As GCB was so kind as to point out in the comment section of the Robert Horry post below, the NBA has handed down suspensions from last night's game. Robert Horry is gone for two games, Amare Stoudemire and Boris Diaw for one each. I don't like it. This is exactly what I mean about the dangers of becoming embroiled in legal bureaucracy. At most Horry should be gone for a game and that should be the extent of the suspensions. (As I said before were it up to me nobody would have been suspended and it would have been settled--or not--on the floor.) But you can almost hear the wheels turning. "We have to suspend Amare and Boris because we have a rule and technically they violated the letter of it even though nothing really happened." OK, so they're gone a game. Obviously then Horry merits a game too. But wait!
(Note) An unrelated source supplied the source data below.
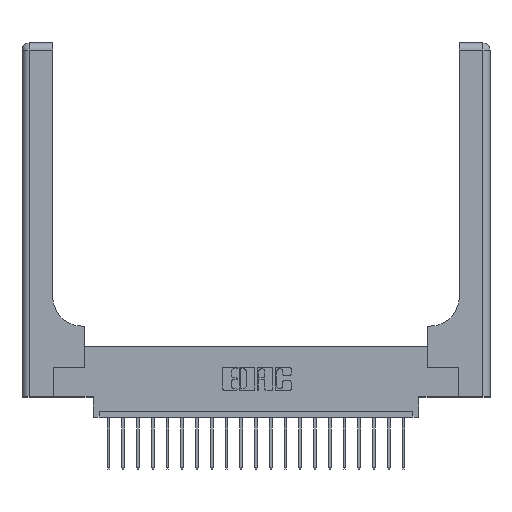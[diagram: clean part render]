
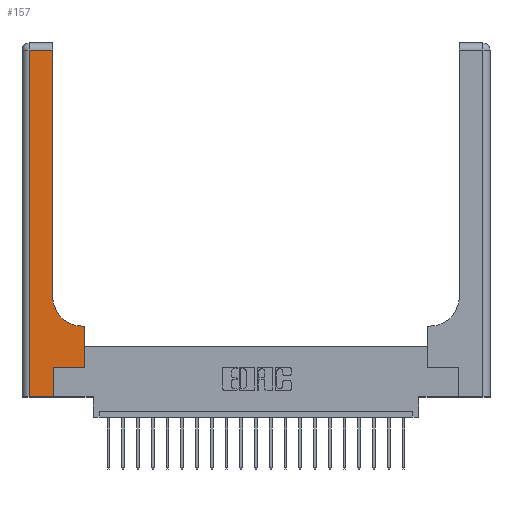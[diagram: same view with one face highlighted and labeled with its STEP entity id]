
A CAD part, top view. The second image highlights one B-rep face of the part: STEP entity #157.
In plain terms, the highlighted planar face has unit normal (0, 0, 1).
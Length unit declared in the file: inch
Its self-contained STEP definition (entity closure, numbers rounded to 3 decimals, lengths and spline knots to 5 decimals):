
#157 = ADVANCED_FACE ( 'NONE', ( #10071 ), #1602, .F. ) ;
#380 = CARTESIAN_POINT ( 'NONE',  ( 0.265, 0.25, 0.37 ) ) ;
#687 = VERTEX_POINT ( 'NONE', #16765 ) ;
#694 = AXIS2_PLACEMENT_3D ( 'NONE', #1530, #11529, #5087 ) ;
#1076 = CARTESIAN_POINT ( 'NONE',  ( 0.26, 0.85, 0.37 ) ) ;
#1530 = CARTESIAN_POINT ( 'NONE',  ( 0., 3., 0.37 ) ) ;
#1602 = PLANE ( 'NONE',  #694 ) ;
#2036 = ORIENTED_EDGE ( 'NONE', *, *, #3383, .T. ) ;
#2056 = LINE ( 'NONE', #12653, #2320 ) ;
#2133 = DIRECTION ( 'NONE',  ( 0., 1., 0. ) ) ;
#2320 = VECTOR ( 'NONE', #11016, 39.37008 ) ;
#2375 = DIRECTION ( 'NONE',  ( 0., -1., 0. ) ) ;
#2451 = CARTESIAN_POINT ( 'NONE',  ( 0.06, 3., 0.37 ) ) ;
#2546 = LINE ( 'NONE', #14974, #11766 ) ;
#3117 = VECTOR ( 'NONE', #2133, 39.37008 ) ;
#3141 = EDGE_CURVE ( 'NONE', #14970, #16855, #17338, .T. ) ;
#3383 = EDGE_CURVE ( 'NONE', #18719, #9108, #18852, .T. ) ;
#3416 = ORIENTED_EDGE ( 'NONE', *, *, #3141, .T. ) ;
#4550 = CARTESIAN_POINT ( 'NONE',  ( 0., 2.94, 0.37 ) ) ;
#4614 = CARTESIAN_POINT ( 'NONE',  ( 0.51, 0.6, 0.37 ) ) ;
#4928 = VERTEX_POINT ( 'NONE', #6202 ) ;
#5087 = DIRECTION ( 'NONE',  ( -1., 0., 0. ) ) ;
#5412 = VERTEX_POINT ( 'NONE', #4614 ) ;
#6202 = CARTESIAN_POINT ( 'NONE',  ( 0.26, 2.94, 0.37 ) ) ;
#6273 = DIRECTION ( 'NONE',  ( 0., 0., -1. ) ) ;
#6416 = VECTOR ( 'NONE', #16375, 39.37008 ) ;
#6572 = CARTESIAN_POINT ( 'NONE',  ( 0.528, 0.25, 0.37 ) ) ;
#7280 = ORIENTED_EDGE ( 'NONE', *, *, #13907, .T. ) ;
#7553 = EDGE_LOOP ( 'NONE', ( #12008, #7280, #2036, #11254, #10622, #3416, #8818, #11651, #15932 ) ) ;
#7652 = DIRECTION ( 'NONE',  ( 0., 1., 0. ) ) ;
#8797 = CARTESIAN_POINT ( 'NONE',  ( 0.06, 2.94, 0.37 ) ) ;
#8818 = ORIENTED_EDGE ( 'NONE', *, *, #16635, .T. ) ;
#9108 = VERTEX_POINT ( 'NONE', #13087 ) ;
#9302 = CIRCLE ( 'NONE', #10407, 0.25 ) ;
#9868 = EDGE_CURVE ( 'NONE', #687, #14970, #13350, .T. ) ;
#10071 = FACE_OUTER_BOUND ( 'NONE', #7553, .T. ) ;
#10407 = AXIS2_PLACEMENT_3D ( 'NONE', #14437, #6273, #12731 ) ;
#10622 = ORIENTED_EDGE ( 'NONE', *, *, #9868, .T. ) ;
#10863 = LINE ( 'NONE', #13329, #15971 ) ;
#11016 = DIRECTION ( 'NONE',  ( 1., 0., 0. ) ) ;
#11254 = ORIENTED_EDGE ( 'NONE', *, *, #15813, .T. ) ;
#11378 = LINE ( 'NONE', #4550, #16242 ) ;
#11471 = DIRECTION ( 'NONE',  ( 0., 1., 0. ) ) ;
#11485 = DIRECTION ( 'NONE',  ( 1., 0., 0. ) ) ;
#11529 = DIRECTION ( 'NONE',  ( 0., 0., -1. ) ) ;
#11651 = ORIENTED_EDGE ( 'NONE', *, *, #16841, .T. ) ;
#11766 = VECTOR ( 'NONE', #11471, 39.37008 ) ;
#12008 = ORIENTED_EDGE ( 'NONE', *, *, #14000, .T. ) ;
#12530 = LINE ( 'NONE', #16163, #6416 ) ;
#12653 = CARTESIAN_POINT ( 'NONE',  ( 0., 0., 0.37 ) ) ;
#12731 = DIRECTION ( 'NONE',  ( 1., 0., 0. ) ) ;
#13011 = VECTOR ( 'NONE', #11485, 39.37008 ) ;
#13087 = CARTESIAN_POINT ( 'NONE',  ( 0.06, 0., 0.37 ) ) ;
#13329 = CARTESIAN_POINT ( 'NONE',  ( 0.26, 3., 0.37 ) ) ;
#13350 = LINE ( 'NONE', #15027, #3117 ) ;
#13437 = VERTEX_POINT ( 'NONE', #1076 ) ;
#13907 = EDGE_CURVE ( 'NONE', #4928, #18719, #11378, .T. ) ;
#14000 = EDGE_CURVE ( 'NONE', #13437, #4928, #10863, .T. ) ;
#14437 = CARTESIAN_POINT ( 'NONE',  ( 0.51, 0.85, 0.37 ) ) ;
#14970 = VERTEX_POINT ( 'NONE', #380 ) ;
#14974 = CARTESIAN_POINT ( 'NONE',  ( 0.528, 0.25, 0.37 ) ) ;
#15027 = CARTESIAN_POINT ( 'NONE',  ( 0.265, 0., 0.37 ) ) ;
#15688 = VERTEX_POINT ( 'NONE', #20736 ) ;
#15813 = EDGE_CURVE ( 'NONE', #9108, #687, #2056, .T. ) ;
#15932 = ORIENTED_EDGE ( 'NONE', *, *, #19171, .T. ) ;
#15971 = VECTOR ( 'NONE', #7652, 39.37008 ) ;
#16163 = CARTESIAN_POINT ( 'NONE',  ( 0.26, 0.6, 0.37 ) ) ;
#16242 = VECTOR ( 'NONE', #19050, 39.37008 ) ;
#16375 = DIRECTION ( 'NONE',  ( -1., 0., 0. ) ) ;
#16635 = EDGE_CURVE ( 'NONE', #16855, #15688, #2546, .T. ) ;
#16765 = CARTESIAN_POINT ( 'NONE',  ( 0.265, 0., 0.37 ) ) ;
#16841 = EDGE_CURVE ( 'NONE', #15688, #5412, #12530, .T. ) ;
#16855 = VERTEX_POINT ( 'NONE', #6572 ) ;
#17338 = LINE ( 'NONE', #19771, #13011 ) ;
#18335 = VECTOR ( 'NONE', #2375, 39.37008 ) ;
#18719 = VERTEX_POINT ( 'NONE', #8797 ) ;
#18852 = LINE ( 'NONE', #2451, #18335 ) ;
#19050 = DIRECTION ( 'NONE',  ( -1., 0., 0. ) ) ;
#19171 = EDGE_CURVE ( 'NONE', #5412, #13437, #9302, .T. ) ;
#19771 = CARTESIAN_POINT ( 'NONE',  ( 0.265, 0.25, 0.37 ) ) ;
#20736 = CARTESIAN_POINT ( 'NONE',  ( 0.528, 0.6, 0.37 ) ) ;

If you suspend Horry just one game--the same penalty that TWO of the Suns got--when his act precipitated this whole deal and they did relatively little that's obviously a miscarriage of justice. People will scream to the highest heavens. So now his marginal one game becomes a definite two. Four games are missed in an incident that should have seen maybe one. And the series is imbalanced because of it as the Spurs will trade Horry for Stoudemire and Diaw every day of the week and twice on Sundays.
This is the new NBA. Did the harsh penalities stop the incident from happening? No, they did not. Nor did they stop the Denver/New York brawl earlier this year. Did the leaving the bench rule stop the Suns from jumping up in the heat of the moment? No, it did not...despite assistant coaches flailing to get in the way of advancing players from their bench. (At this rate every playoff team will adopt Dallas' "dozen assistant coaches" system. Ten of them will be responsible for tackling any player who stands during a fracas.) All this has done is make the consequences of a semi-foolish (or legitimately tough, depending on your perspective) act more far reaching than was warranted. As Jim implied in his diary to the right, how long before we start seeing the goon system take over the NBA as 12th men rack up opposing teams' skill players while trying to bait two-point-five steps out of pine-riding superstars?
Call me silly...I liked the old way better.